Exercise details: This exercise calls for all the entries that follow to be set down exactly, without their images.

Data under study:
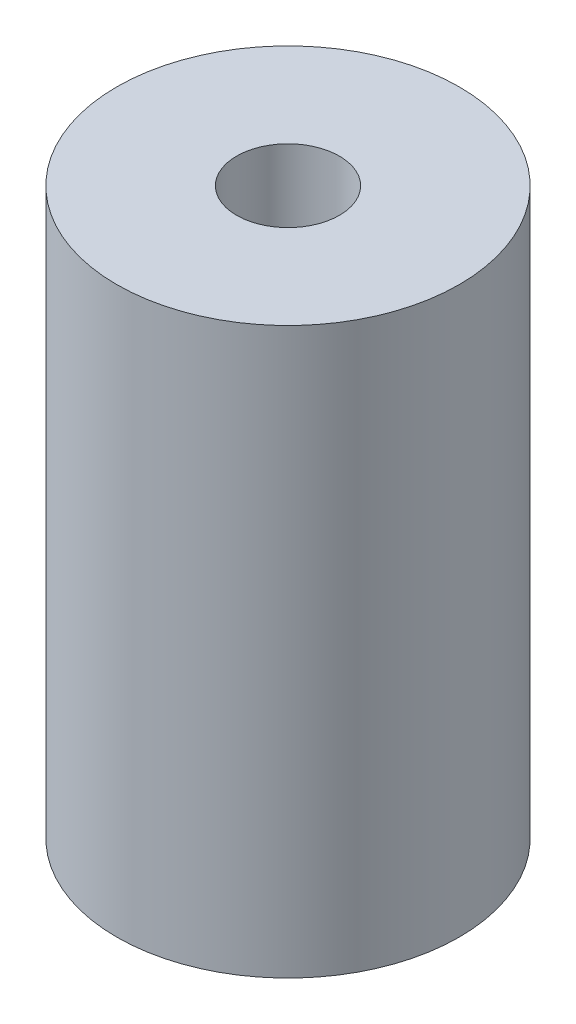
SolidWorks part; units mm, degrees
ref_plane "前视基准面" through (0, 0, 0) normal (0, 0, 1) x (1, 0, 0)
ref_plane "上视基准面" through (0, 0, 0) normal (0, 1, 0) x (1, 0, 0)
ref_plane "右视基准面" through (0, 0, 0) normal (1, 0, 0) x (0, 0, -1)
other "Configuration Table"
sketch "草图1" plane through (0, 0, 0) normal (0, 1, 0) x (1, 0, 0)
  circle A0 centre (0, 0) radius 1.5
  circle A1 centre (0, 0) radius 5
  dimension "D1" = 3
  dimension "D2" = 10
extrude "凸台-拉伸1" add sketch "草图1" along normal blind 16.5

Written response:
SolidWorks part; units mm, degrees
ref_plane "前视基准面" through (0, 0, 0) normal (0, 0, 1) x (1, 0, 0)
ref_plane "上视基准面" through (0, 0, 0) normal (0, 1, 0) x (1, 0, 0)
ref_plane "右视基准面" through (0, 0, 0) normal (1, 0, 0) x (0, 0, -1)
other "Configuration Table"
sketch "草图1" plane through (0, 0, 0) normal (0, 1, 0) x (1, 0, 0)
  circle A0 centre (0, 0) radius 1.5
  circle A1 centre (0, 0) radius 5
  dimension "D1" = 3
  dimension "D2" = 10
extrude "凸台-拉伸1" add sketch "草图1" along normal blind 16.5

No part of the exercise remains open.